This week, we are folding two weekends into one Arts Blog as we prepare to deliver news about the upcoming Picnic Day events, which will be featured separately.  Our first UC Davis Picnic Day story features the ever-popular fashion show and attractions available at the Manetti Shrem Museum. Watch for that on the UC Davis Arts Blog. The annual UC Davis Picnic Day is Saturday, April 23. Happy spring! Karen Nikos, Arts Blog editor

Duo Axis: works by graduate student composers

Thursday, April 7, 12:05–1 p.m., Recital Hall, Ann E. Pitzer Center, Free, a Shinkoskey Noon Concert

Pianist and musician at piano.
Duo Axis concerts are Thursday. (Courtesy photo)
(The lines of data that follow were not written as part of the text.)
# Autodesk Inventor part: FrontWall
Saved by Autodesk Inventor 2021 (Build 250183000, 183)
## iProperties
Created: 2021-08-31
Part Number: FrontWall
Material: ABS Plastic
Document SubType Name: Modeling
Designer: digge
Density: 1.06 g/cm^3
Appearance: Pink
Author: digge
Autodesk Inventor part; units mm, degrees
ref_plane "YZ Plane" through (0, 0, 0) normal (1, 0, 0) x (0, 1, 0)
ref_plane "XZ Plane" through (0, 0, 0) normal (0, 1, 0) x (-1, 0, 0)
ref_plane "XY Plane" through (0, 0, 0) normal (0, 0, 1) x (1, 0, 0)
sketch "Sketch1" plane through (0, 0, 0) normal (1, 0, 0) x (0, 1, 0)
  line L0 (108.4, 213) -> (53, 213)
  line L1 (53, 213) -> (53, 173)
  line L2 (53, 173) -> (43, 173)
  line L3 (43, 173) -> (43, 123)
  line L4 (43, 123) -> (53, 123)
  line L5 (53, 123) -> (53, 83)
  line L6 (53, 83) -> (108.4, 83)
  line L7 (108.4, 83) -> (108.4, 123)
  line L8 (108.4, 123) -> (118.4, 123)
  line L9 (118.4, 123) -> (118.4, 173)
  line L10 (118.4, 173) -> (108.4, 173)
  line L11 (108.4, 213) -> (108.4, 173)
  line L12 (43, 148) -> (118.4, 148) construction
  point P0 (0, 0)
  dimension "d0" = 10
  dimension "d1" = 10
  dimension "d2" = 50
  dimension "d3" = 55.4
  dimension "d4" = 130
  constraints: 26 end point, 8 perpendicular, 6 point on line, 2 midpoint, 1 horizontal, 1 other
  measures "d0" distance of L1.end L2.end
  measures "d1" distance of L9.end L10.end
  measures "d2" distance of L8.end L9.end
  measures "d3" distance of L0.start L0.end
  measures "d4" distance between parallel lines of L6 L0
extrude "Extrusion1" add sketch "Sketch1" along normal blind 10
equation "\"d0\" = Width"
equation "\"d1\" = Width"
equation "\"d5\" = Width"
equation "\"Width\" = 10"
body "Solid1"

The UC Davis program includes Emily Joy Sullivan: shedding blue sparks​, Joseph Donald Peterson: Bare Bones, Joseph Vasinda: Under Cover of Night, Bryndan Moondy: GlintF and Dean Kervin Boursiquot: Speak for yo’ self!

Duo Axis (Zach Sheets, flute, and Wei-Han Wu, piano) frequently collaborate with composers to create new works and foster a spirit of innovation and reciprocity. In this, their first of two programs while in residence at UC Davis they present a set of world premieres by graduate student composers at UC Davis. 

Find more information here. Find a direct link to the livestream here.

Duo Axis: 'Duo@50'

Friday, April 8, 7–8:15 p.m.F

Recital Hall, Ann E. Pitzer Center, $12 Students and Children / $24 Adults

This program features Anthony Cheung, Carolina Heredia, Christine Burke and Matthew Ricketts.

Find more information here

UC Davis stages present new works in April

The UC Davis Department of Theatre and Dance will present two newly developed works in April.  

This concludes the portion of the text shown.